We carefully analyze the goodness of fit of the event repeatability to a theoretical exponential distribution using the Pearson’s chi-square test. This confirms the statistical independence of the measurements and, consequently, the reliability of calculated values of the coefficient of local vapor content. Constructed fields of this coefficient in the flow region under investigation make it possible to recognize the interface of an attached cavity on a test hydrofoil, its most stable and pulsating parts as well as to determine the time-averaged dimensions of the sheet cavity and to find the place of detachments of cloud cavities from the hydrofoil surface. An increase in the sample volume does not significantly affect the accuracy of finding the cavity location and evaluating its size and shape, 1500 instantaneous realizations seem to be sufficient. However, it is worth noting that the presented method of evaluating the vapor content based on the probability of the absence of tracers in an interrogation window gives results that can be only considered as the upper limit of the vapor content since this approach is not capable of distinguishing a continuous film of pure vapor from a frothy medium.

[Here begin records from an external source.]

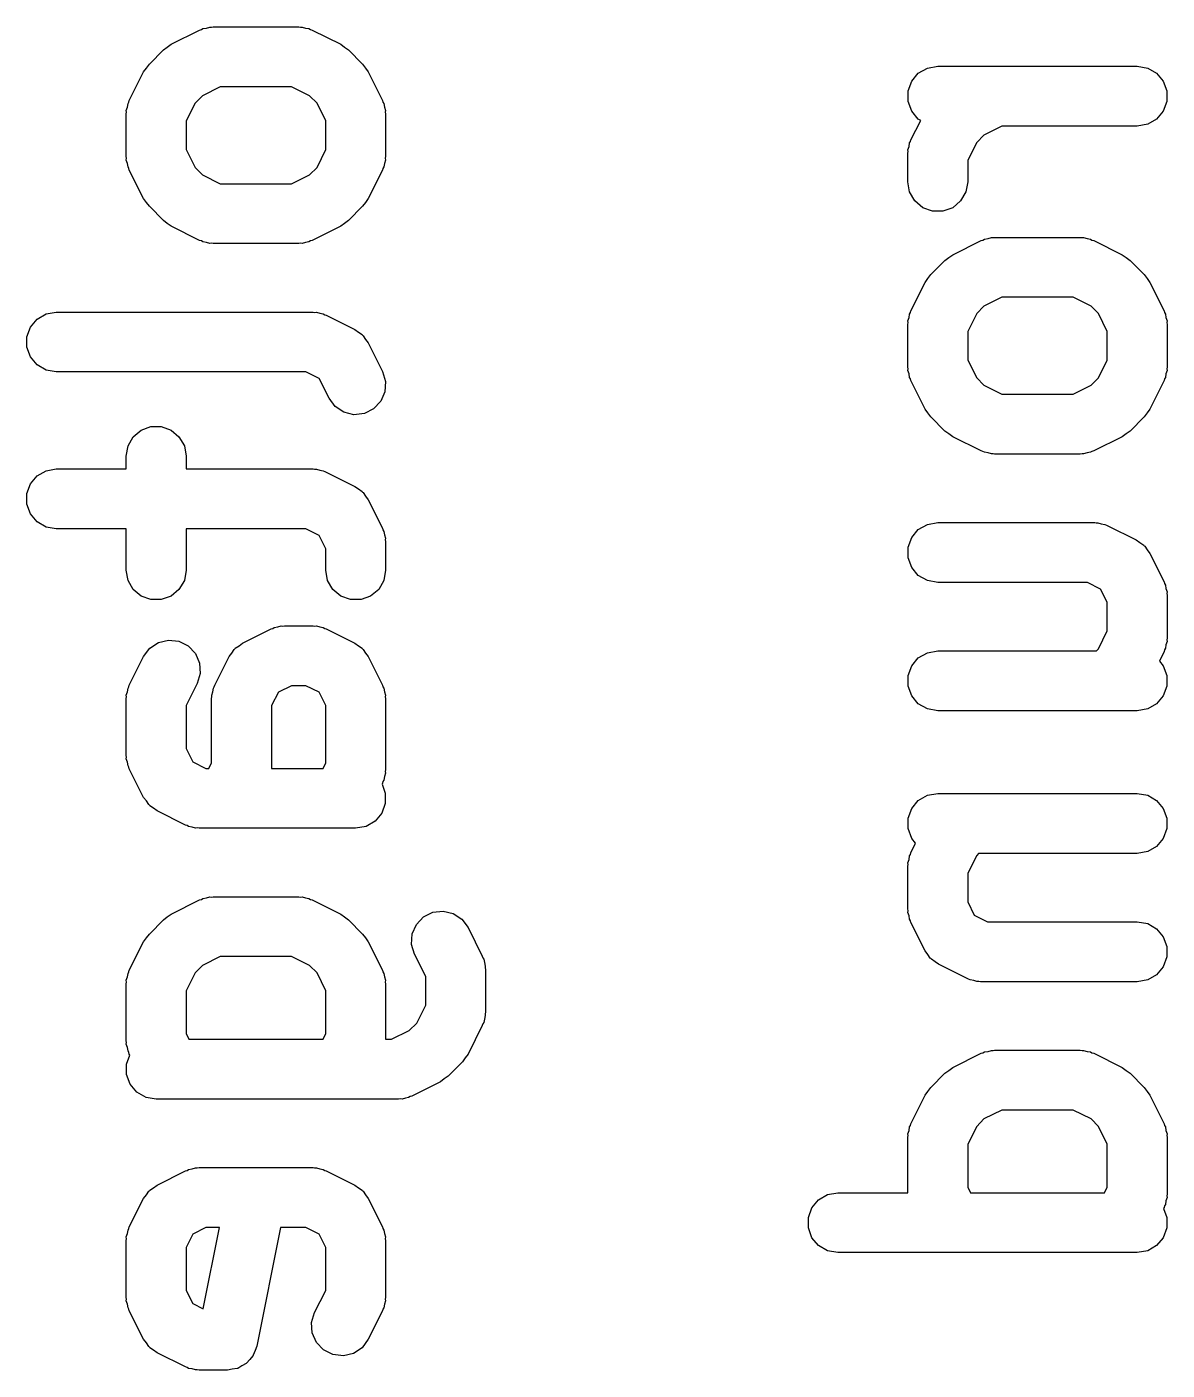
# Model space of a CAD drawing. Extents: x 91.3 to 189.8, y -113.5 to -60.4.
# Drawn here: x 161.434 to 165.242, y -69.543 to -65.058 of the extents above; entities that cross this region are included whole.
import ezdxf

# ---------------------------------------------------------------- set-up
doc = ezdxf.new("R2010")
doc.units = 0
doc.header["$MEASUREMENT"] = 0
doc.layers.add('BLACK', color=7, linetype='CONTINUOUS')

msp = doc.modelspace()

# ---------------------------------------------------------------- linework, layer by layer
at = {"layer": 'Black'}
for p, q in [((161.916, -65.1158), (162.011, -65.0682)), ((162.011, -65.0682), (162.017, -65.0665)), ((162.017, -65.0665), (162.022, -65.0636)), ((162.022, -65.0636), (162.034, -65.0616)), ((162.034, -65.0616), (162.045, -65.0583)), ((162.045, -65.0583), (162.051, -65.0586)), ((162.051, -65.0586), (162.056, -65.0576)), ((162.056, -65.0576), (162.342, -65.0576)), ((162.342, -65.0576), (162.348, -65.0586)), ((162.348, -65.0586), (162.353, -65.0583)), ((162.353, -65.0583), (162.365, -65.0616)), ((162.365, -65.0616), (162.376, -65.0636)), ((162.376, -65.0636), (162.381, -65.0665)), ((162.381, -65.0665), (162.387, -65.0682)), ((162.387, -65.0682), (162.482, -65.1158)), ((161.89, -65.1345), (161.903, -65.1253)), ((161.903, -65.1253), (161.916, -65.1158)), ((162.482, -65.1158), (162.495, -65.1253)), ((162.495, -65.1253), (162.508, -65.1345)), ((161.843, -65.1821), (161.89, -65.1345)), ((162.508, -65.1345), (162.555, -65.1821)), ((161.776, -65.3034), (161.824, -65.2081)), ((161.824, -65.2081), (161.833, -65.1953)), ((161.833, -65.1953), (161.843, -65.1821)), ((162.555, -65.1821), (162.565, -65.1953)), ((162.565, -65.1953), (162.574, -65.2081)), ((162.574, -65.2081), (162.622, -65.3034)), ((164.389, -65.239), (164.411, -65.2124)), ((164.411, -65.2124), (164.442, -65.1951)), ((164.442, -65.1951), (164.476, -65.189)), ((164.476, -65.189), (165.142, -65.189)), ((165.142, -65.189), (165.177, -65.1951)), ((165.177, -65.1951), (165.207, -65.2124)), ((165.207, -65.2124), (165.229, -65.239)), ((162.08, -65.2576), (162.02, -65.2874)), ((162.318, -65.2576), (162.08, -65.2576)), ((162.378, -65.2874), (162.318, -65.2576)), ((164.377, -65.2717), (164.389, -65.239)), ((165.229, -65.239), (165.241, -65.2717)), ((161.772, -65.3139), (161.775, -65.3089)), ((161.775, -65.3089), (161.776, -65.3034)), ((162.02, -65.2874), (161.996, -65.3121)), ((162.403, -65.3121), (162.378, -65.2874)), ((162.622, -65.3034), (162.623, -65.3089)), ((162.623, -65.3089), (162.626, -65.3139)), ((164.377, -65.3064), (164.377, -65.2717)), ((164.389, -65.339), (164.377, -65.3064)), ((165.241, -65.3064), (165.229, -65.339)), ((165.241, -65.2717), (165.241, -65.3064)), ((161.766, -65.3367), (161.77, -65.3254)), ((161.767, -65.3424), (161.766, -65.3367)), ((161.766, -65.3481), (161.767, -65.3424)), ((161.766, -65.491), (161.766, -65.3481)), ((161.77, -65.3254), (161.772, -65.3139)), ((161.996, -65.3121), (161.966, -65.3717)), ((162.432, -65.3717), (162.403, -65.3121)), ((162.626, -65.3139), (162.628, -65.3254)), ((162.628, -65.3254), (162.632, -65.3367)), ((162.632, -65.3367), (162.631, -65.3424)), ((162.631, -65.3424), (162.632, -65.3481)), ((162.632, -65.3481), (162.632, -65.491)), ((164.411, -65.3657), (164.389, -65.339)), ((165.229, -65.339), (165.207, -65.3657)), ((161.966, -65.3717), (161.966, -65.4673)), ((162.432, -65.4673), (162.432, -65.3717)), ((164.386, -65.4348), (164.419, -65.3699)), ((164.419, -65.3699), (164.411, -65.3657)), ((164.69, -65.389), (164.63, -65.4189)), ((165.142, -65.389), (164.69, -65.389)), ((165.177, -65.383), (165.142, -65.389)), ((165.207, -65.3657), (165.177, -65.383)), ((164.38, -65.4569), (164.382, -65.4453)), ((164.382, -65.4453), (164.385, -65.4403)), ((164.385, -65.4403), (164.386, -65.4348)), ((164.606, -65.4435), (164.576, -65.5031)), ((164.63, -65.4189), (164.606, -65.4435)), ((161.767, -65.4966), (161.766, -65.491)), ((161.966, -65.4673), (161.996, -65.527)), ((162.403, -65.527), (162.432, -65.4673)), ((162.632, -65.491), (162.631, -65.4966)), ((164.376, -65.4681), (164.38, -65.4569)), ((164.377, -65.4738), (164.376, -65.4681)), ((164.376, -65.4795), (164.377, -65.4738)), ((164.376, -65.5748), (164.376, -65.4795)), ((161.766, -65.5024), (161.767, -65.4966)), ((161.77, -65.5136), (161.766, -65.5024)), ((161.772, -65.5252), (161.77, -65.5136)), ((161.775, -65.5301), (161.772, -65.5252)), ((161.776, -65.5357), (161.775, -65.5301)), ((161.824, -65.6309), (161.776, -65.5357)), ((161.996, -65.527), (162.02, -65.5516)), ((162.378, -65.5516), (162.403, -65.527)), ((162.622, -65.5357), (162.574, -65.6309)), ((162.623, -65.5301), (162.622, -65.5357)), ((162.626, -65.5252), (162.623, -65.5301)), ((162.628, -65.5136), (162.626, -65.5252)), ((162.632, -65.5024), (162.628, -65.5136)), ((162.631, -65.4966), (162.632, -65.5024)), ((164.576, -65.5031), (164.576, -65.5748)), ((162.02, -65.5516), (162.08, -65.5814)), ((162.318, -65.5814), (162.378, -65.5516)), ((164.382, -65.609), (164.376, -65.5748)), ((164.576, -65.5748), (164.57, -65.609)), ((162.08, -65.5814), (162.318, -65.5814)), ((164.399, -65.639), (164.382, -65.609)), ((164.57, -65.609), (164.552, -65.639)), ((161.833, -65.6438), (161.824, -65.6309)), ((161.843, -65.6569), (161.833, -65.6438)), ((161.89, -65.7045), (161.843, -65.6569)), ((162.555, -65.6569), (162.508, -65.7045)), ((162.565, -65.6438), (162.555, -65.6569)), ((162.574, -65.6309), (162.565, -65.6438)), ((164.426, -65.6614), (164.399, -65.639)), ((164.458, -65.6732), (164.426, -65.6614)), ((164.526, -65.6614), (164.493, -65.6732)), ((164.552, -65.639), (164.526, -65.6614)), ((161.903, -65.7137), (161.89, -65.7045)), ((161.916, -65.7233), (161.903, -65.7137)), ((162.495, -65.7137), (162.482, -65.7233)), ((162.508, -65.7045), (162.495, -65.7137)), ((164.493, -65.6732), (164.458, -65.6732)), ((162.011, -65.7709), (161.916, -65.7233)), ((162.482, -65.7233), (162.387, -65.7709)), ((162.017, -65.7725), (162.011, -65.7709)), ((162.022, -65.7754), (162.017, -65.7725)), ((162.034, -65.7774), (162.022, -65.7754)), ((162.045, -65.7808), (162.034, -65.7774)), ((162.051, -65.7804), (162.045, -65.7808)), ((162.056, -65.7814), (162.051, -65.7804)), ((162.342, -65.7814), (162.056, -65.7814)), ((162.348, -65.7804), (162.342, -65.7814)), ((162.353, -65.7808), (162.348, -65.7804)), ((162.365, -65.7774), (162.353, -65.7808)), ((162.376, -65.7754), (162.365, -65.7774)), ((162.381, -65.7725), (162.376, -65.7754)), ((162.387, -65.7709), (162.381, -65.7725)), ((164.526, -65.8187), (164.621, -65.771)), ((164.621, -65.771), (164.627, -65.7694)), ((164.627, -65.7694), (164.632, -65.7665)), ((164.632, -65.7665), (164.644, -65.7645)), ((164.644, -65.7645), (164.655, -65.7611)), ((164.655, -65.7611), (164.661, -65.7615)), ((164.661, -65.7615), (164.666, -65.7605)), ((164.666, -65.7605), (164.952, -65.7605)), ((164.952, -65.7605), (164.958, -65.7615)), ((164.958, -65.7615), (164.963, -65.7611)), ((164.963, -65.7611), (164.975, -65.7645)), ((164.975, -65.7645), (164.986, -65.7665)), ((164.986, -65.7665), (164.991, -65.7694)), ((164.991, -65.7694), (164.997, -65.771)), ((164.997, -65.771), (165.092, -65.8187)), ((164.453, -65.885), (164.5, -65.8374)), ((164.5, -65.8374), (164.513, -65.8282)), ((164.513, -65.8282), (164.526, -65.8187)), ((165.092, -65.8187), (165.105, -65.8282)), ((165.105, -65.8282), (165.118, -65.8374)), ((165.118, -65.8374), (165.165, -65.885)), ((164.443, -65.8981), (164.453, -65.885)), ((165.165, -65.885), (165.175, -65.8981)), ((164.386, -66.0062), (164.434, -65.911)), ((164.434, -65.911), (164.443, -65.8981)), ((165.175, -65.8981), (165.184, -65.911)), ((165.184, -65.911), (165.232, -66.0062)), ((164.69, -65.9605), (164.63, -65.9903)), ((164.928, -65.9605), (164.69, -65.9605)), ((164.988, -65.9903), (164.928, -65.9605)), ((161.468, -66.0334), (161.498, -66.016)), ((161.498, -66.016), (161.532, -66.01)), ((161.532, -66.01), (162.39, -66.01)), ((162.39, -66.01), (162.395, -66.011)), ((162.395, -66.011), (162.401, -66.0107)), ((162.401, -66.0107), (162.412, -66.014)), ((162.412, -66.014), (162.424, -66.016)), ((162.424, -66.016), (162.429, -66.0189)), ((162.429, -66.0189), (162.434, -66.0206)), ((162.434, -66.0206), (162.529, -66.0682)), ((164.376, -66.0395), (164.38, -66.0283)), ((164.38, -66.0283), (164.382, -66.0168)), ((164.382, -66.0168), (164.385, -66.0118)), ((164.385, -66.0118), (164.386, -66.0062)), ((164.606, -66.0149), (164.576, -66.0746)), ((164.63, -65.9903), (164.606, -66.0149)), ((165.013, -66.0149), (164.988, -65.9903)), ((165.042, -66.0746), (165.013, -66.0149)), ((165.232, -66.0062), (165.233, -66.0118)), ((165.233, -66.0118), (165.236, -66.0168)), ((165.236, -66.0168), (165.238, -66.0283)), ((165.238, -66.0283), (165.242, -66.0395)), ((161.434, -66.0926), (161.446, -66.06)), ((161.446, -66.06), (161.468, -66.0334)), ((162.529, -66.0682), (162.541, -66.0769)), ((164.377, -66.0453), (164.376, -66.0395)), ((164.376, -66.051), (164.377, -66.0453)), ((164.376, -66.1938), (164.376, -66.051)), ((165.242, -66.0395), (165.241, -66.0453)), ((165.241, -66.0453), (165.242, -66.051)), ((165.242, -66.051), (165.242, -66.1938)), ((161.434, -66.1274), (161.434, -66.0926)), ((162.541, -66.0769), (162.554, -66.085)), ((162.554, -66.085), (162.555, -66.0872)), ((162.555, -66.0872), (162.557, -66.0889)), ((162.557, -66.0889), (162.565, -66.1011)), ((162.565, -66.1011), (162.574, -66.1129)), ((162.574, -66.1129), (162.622, -66.2081)), ((164.576, -66.0746), (164.576, -66.1702)), ((165.042, -66.1702), (165.042, -66.0746)), ((161.446, -66.16), (161.434, -66.1274)), ((161.468, -66.1866), (161.446, -66.16)), ((161.498, -66.204), (161.468, -66.1866)), ((161.532, -66.21), (161.498, -66.204)), ((162.622, -66.2081), (162.632, -66.2414)), ((164.377, -66.1995), (164.376, -66.1938)), ((164.376, -66.2052), (164.377, -66.1995)), ((164.38, -66.2165), (164.376, -66.2052)), ((164.576, -66.1702), (164.606, -66.2298)), ((165.013, -66.2298), (165.042, -66.1702)), ((165.242, -66.2052), (165.238, -66.2165)), ((165.242, -66.1938), (165.241, -66.1995)), ((165.241, -66.1995), (165.242, -66.2052)), ((162.366, -66.21), (161.532, -66.21)), ((162.41, -66.2322), (162.366, -66.21)), ((162.443, -66.2976), (162.41, -66.2322)), ((162.632, -66.2414), (162.63, -66.2761)), ((164.382, -66.228), (164.38, -66.2165)), ((164.385, -66.233), (164.382, -66.228)), ((164.386, -66.2385), (164.385, -66.233)), ((164.434, -66.3338), (164.386, -66.2385)), ((164.606, -66.2298), (164.63, -66.2545)), ((164.988, -66.2545), (165.013, -66.2298)), ((165.232, -66.2385), (165.184, -66.3338)), ((165.233, -66.233), (165.232, -66.2385)), ((165.236, -66.228), (165.233, -66.233)), ((165.238, -66.2165), (165.236, -66.228)), ((162.464, -66.3255), (162.443, -66.2976)), ((162.63, -66.2761), (162.616, -66.308)), ((164.63, -66.2545), (164.69, -66.2843)), ((164.69, -66.2843), (164.928, -66.2843)), ((164.928, -66.2843), (164.988, -66.2545)), ((162.493, -66.3446), (162.464, -66.3255)), ((162.592, -66.3332), (162.561, -66.3487)), ((162.616, -66.308), (162.592, -66.3332)), ((164.443, -66.3466), (164.434, -66.3338)), ((165.184, -66.3338), (165.175, -66.3466)), ((162.526, -66.3527), (162.493, -66.3446)), ((162.561, -66.3487), (162.526, -66.3527)), ((164.453, -66.3598), (164.443, -66.3466)), ((164.5, -66.4074), (164.453, -66.3598)), ((165.165, -66.3598), (165.118, -66.4074)), ((165.175, -66.3466), (165.165, -66.3598)), ((161.772, -66.4568), (161.789, -66.4267)), ((161.789, -66.4267), (161.816, -66.4043)), ((161.816, -66.4043), (161.848, -66.3925)), ((161.848, -66.3925), (161.883, -66.3925)), ((161.883, -66.3925), (161.916, -66.4043)), ((161.916, -66.4043), (161.942, -66.4267)), ((161.942, -66.4267), (161.96, -66.4568)), ((164.513, -66.4166), (164.5, -66.4074)), ((164.526, -66.4261), (164.513, -66.4166)), ((164.621, -66.4737), (164.526, -66.4261)), ((165.092, -66.4261), (164.997, -66.4737)), ((165.105, -66.4166), (165.092, -66.4261)), ((165.118, -66.4074), (165.105, -66.4166)), ((161.766, -66.491), (161.772, -66.4568)), ((161.96, -66.4568), (161.966, -66.491)), ((164.627, -66.4754), (164.621, -66.4737)), ((164.632, -66.4783), (164.627, -66.4754)), ((164.991, -66.4754), (164.986, -66.4783)), ((164.997, -66.4737), (164.991, -66.4754)), ((161.766, -66.5338), (161.766, -66.491)), ((161.966, -66.491), (161.966, -66.5338)), ((164.644, -66.4803), (164.632, -66.4783)), ((164.655, -66.4836), (164.644, -66.4803)), ((164.661, -66.4833), (164.655, -66.4836)), ((164.666, -66.4843), (164.661, -66.4833)), ((164.952, -66.4843), (164.666, -66.4843)), ((164.958, -66.4833), (164.952, -66.4843)), ((164.963, -66.4836), (164.958, -66.4833)), ((164.975, -66.4803), (164.963, -66.4836)), ((164.986, -66.4783), (164.975, -66.4803)), ((161.446, -66.5838), (161.468, -66.5572)), ((161.468, -66.5572), (161.498, -66.5398)), ((161.498, -66.5398), (161.532, -66.5338)), ((161.532, -66.5338), (161.766, -66.5338)), ((161.966, -66.5338), (162.39, -66.5338)), ((162.39, -66.5338), (162.395, -66.5348)), ((162.395, -66.5348), (162.401, -66.5345)), ((162.401, -66.5345), (162.412, -66.5378)), ((162.412, -66.5378), (162.424, -66.5398)), ((162.424, -66.5398), (162.429, -66.5427)), ((162.429, -66.5427), (162.434, -66.5444)), ((162.434, -66.5444), (162.529, -66.592)), ((161.434, -66.6164), (161.446, -66.5838)), ((162.529, -66.592), (162.541, -66.6007)), ((162.541, -66.6007), (162.554, -66.6088)), ((162.554, -66.6088), (162.555, -66.611)), ((162.555, -66.611), (162.557, -66.6127)), ((161.434, -66.6512), (161.434, -66.6164)), ((161.446, -66.6838), (161.434, -66.6512)), ((162.557, -66.6127), (162.565, -66.6249)), ((162.565, -66.6249), (162.574, -66.6367)), ((162.574, -66.6367), (162.622, -66.7319)), ((161.468, -66.7104), (161.446, -66.6838)), ((161.498, -66.7278), (161.468, -66.7104)), ((161.532, -66.7338), (161.498, -66.7278)), ((161.766, -66.7338), (161.532, -66.7338)), ((161.766, -66.8719), (161.766, -66.7338)), ((162.366, -66.7338), (161.966, -66.7338)), ((161.966, -66.7338), (161.966, -66.8719)), ((162.41, -66.756), (162.366, -66.7338)), ((162.622, -66.7319), (162.623, -66.7375)), ((162.623, -66.7375), (162.626, -66.7425)), ((162.626, -66.7425), (162.628, -66.754)), ((164.389, -66.7629), (164.411, -66.7363)), ((164.411, -66.7363), (164.442, -66.7189)), ((164.442, -66.7189), (164.476, -66.7129)), ((164.476, -66.7129), (165, -66.7129)), ((165, -66.7129), (165.005, -66.7139)), ((165.005, -66.7139), (165.011, -66.7135)), ((165.011, -66.7135), (165.022, -66.7169)), ((165.022, -66.7169), (165.034, -66.7189)), ((165.034, -66.7189), (165.039, -66.7218)), ((165.039, -66.7218), (165.044, -66.7234)), ((165.044, -66.7234), (165.139, -66.771)), ((162.432, -66.8003), (162.41, -66.756)), ((162.628, -66.754), (162.632, -66.7652)), ((162.632, -66.7652), (162.631, -66.771)), ((162.631, -66.771), (162.632, -66.7767)), ((162.632, -66.7767), (162.632, -66.8719)), ((164.377, -66.7955), (164.389, -66.7629)), ((165.139, -66.771), (165.151, -66.7798)), ((165.151, -66.7798), (165.164, -66.7879)), ((165.164, -66.7879), (165.165, -66.7901)), ((165.165, -66.7901), (165.167, -66.7917)), ((165.167, -66.7917), (165.175, -66.804)), ((162.432, -66.8719), (162.432, -66.8003)), ((164.377, -66.8302), (164.377, -66.7955)), ((164.389, -66.8629), (164.377, -66.8302)), ((165.175, -66.804), (165.184, -66.8158)), ((165.184, -66.8158), (165.232, -66.911)), ((161.772, -66.9061), (161.766, -66.8719)), ((161.966, -66.8719), (161.96, -66.9061)), ((162.438, -66.9061), (162.432, -66.8719)), ((162.632, -66.8719), (162.626, -66.9061)), ((164.411, -66.8895), (164.389, -66.8629)), ((161.789, -66.9362), (161.772, -66.9061)), ((161.96, -66.9061), (161.942, -66.9362)), ((162.456, -66.9362), (162.438, -66.9061)), ((162.626, -66.9061), (162.609, -66.9362)), ((164.442, -66.9068), (164.411, -66.8895)), ((164.476, -66.9129), (164.442, -66.9068)), ((164.976, -66.9129), (164.476, -66.9129)), ((165.02, -66.935), (164.976, -66.9129)), ((165.232, -66.911), (165.233, -66.9165)), ((165.233, -66.9165), (165.236, -66.9215)), ((165.236, -66.9215), (165.238, -66.933)), ((161.816, -66.9585), (161.789, -66.9362)), ((161.848, -66.9704), (161.816, -66.9585)), ((161.883, -66.9704), (161.848, -66.9704)), ((161.916, -66.9585), (161.883, -66.9704)), ((161.942, -66.9362), (161.916, -66.9585)), ((162.482, -66.9585), (162.456, -66.9362)), ((162.515, -66.9704), (162.482, -66.9585)), ((162.55, -66.9704), (162.515, -66.9704)), ((162.582, -66.9585), (162.55, -66.9704)), ((162.609, -66.9362), (162.582, -66.9585)), ((165.042, -66.9793), (165.02, -66.935)), ((165.238, -66.933), (165.242, -66.9443)), ((165.242, -66.9443), (165.241, -66.95)), ((165.241, -66.95), (165.242, -66.9557)), ((165.242, -66.9557), (165.242, -67.0986)), ((165.042, -67.075), (165.042, -66.9793)), ((162.272, -67.0616), (162.283, -67.0583)), ((162.283, -67.0583), (162.289, -67.0586)), ((162.289, -67.0586), (162.294, -67.0576)), ((162.294, -67.0576), (162.39, -67.0576)), ((162.39, -67.0576), (162.395, -67.0586)), ((162.395, -67.0586), (162.401, -67.0583)), ((162.401, -67.0583), (162.412, -67.0616)), ((161.874, -67.1135), (161.907, -67.1054)), ((161.907, -67.1054), (161.942, -67.1094)), ((162.154, -67.1158), (162.25, -67.0682)), ((162.25, -67.0682), (162.255, -67.0665)), ((162.255, -67.0665), (162.26, -67.0637)), ((162.26, -67.0637), (162.272, -67.0616)), ((162.412, -67.0616), (162.424, -67.0637)), ((162.424, -67.0637), (162.429, -67.0665)), ((162.429, -67.0665), (162.434, -67.0682)), ((162.434, -67.0682), (162.529, -67.1158)), ((165.013, -67.1346), (165.042, -67.075)), ((165.242, -67.0986), (165.241, -67.1043)), ((165.241, -67.1043), (165.242, -67.11)), ((161.824, -67.1605), (161.845, -67.1326)), ((161.845, -67.1326), (161.874, -67.1135)), ((161.942, -67.1094), (161.973, -67.1249)), ((161.973, -67.1249), (161.997, -67.1501)), ((161.997, -67.1501), (162.011, -67.182)), ((162.11, -67.1605), (162.118, -67.1487)), ((162.118, -67.1487), (162.126, -67.1365)), ((162.126, -67.1365), (162.129, -67.1348)), ((162.129, -67.1348), (162.13, -67.1326)), ((162.13, -67.1326), (162.143, -67.1245)), ((162.143, -67.1245), (162.154, -67.1158)), ((162.529, -67.1158), (162.541, -67.1245)), ((162.541, -67.1245), (162.554, -67.1326)), ((162.554, -67.1326), (162.555, -67.1348)), ((162.555, -67.1348), (162.557, -67.1365)), ((162.557, -67.1365), (162.565, -67.1487)), ((162.565, -67.1487), (162.574, -67.1605)), ((164.411, -67.1648), (164.442, -67.1475)), ((164.442, -67.1475), (164.476, -67.1414)), ((164.476, -67.1414), (165.006, -67.1414)), ((165.006, -67.1414), (165.013, -67.1346)), ((165.232, -67.1433), (165.216, -67.1756)), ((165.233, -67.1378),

The method applied to both datasets for the vapor and liquid phases allows obtaining more complete information about the cavitating flow and assessing the statistical error of the developed method. This is important for cases with scarce statistics, especially for flow regions with a small number of events for liquid (rare liquid inclusions) or vapor (rare bubbles) and, as a result, less reliability of a considered quantity. In particular, when analyzing solely the liquid phase, the location of cloud cavity detachments is impossible to reveal even for a sample volume of 5000 realizations. At the same time, the analysis on vapor allows registering both the stationary part of the cavitation sheet and the place of the cloud detachments for 1500 measurements. However, the upstream frontier of the cavitation zone (the border between pure liquid and vapor–liquid mixture), where the number of bubbles is minimal, is more accurately found by considering the liquid phase, remaining unchanged for both sample volumes (1500 and 5000).

In summary, when studying the two-phase structure of cavitating flows, application of the suggested method of statistical analysis allows one to simplify data processing, limiting experiments only to standard PIV measurements in the liquid phase and, thereby, reducing the time spent for data processing and analysis and computational resources consumed for large amounts of different kinds of experimental results in opposite case. For a more sophisticated analysis, it is necessary to consider both sets of PIV data for vapor and liquid. The joint analysis for both phases is capable of collecting sufficiently complete and reliable information about all characteristic zones with different two-phase properties in cavitating flow. Finally, it is also worth noting that the developed method of statistical analysis in principle can be applied to other types of two-phase dispersed flow, for example, in bubbly media or sprays where local content of dispersed particles also plays a crucial role.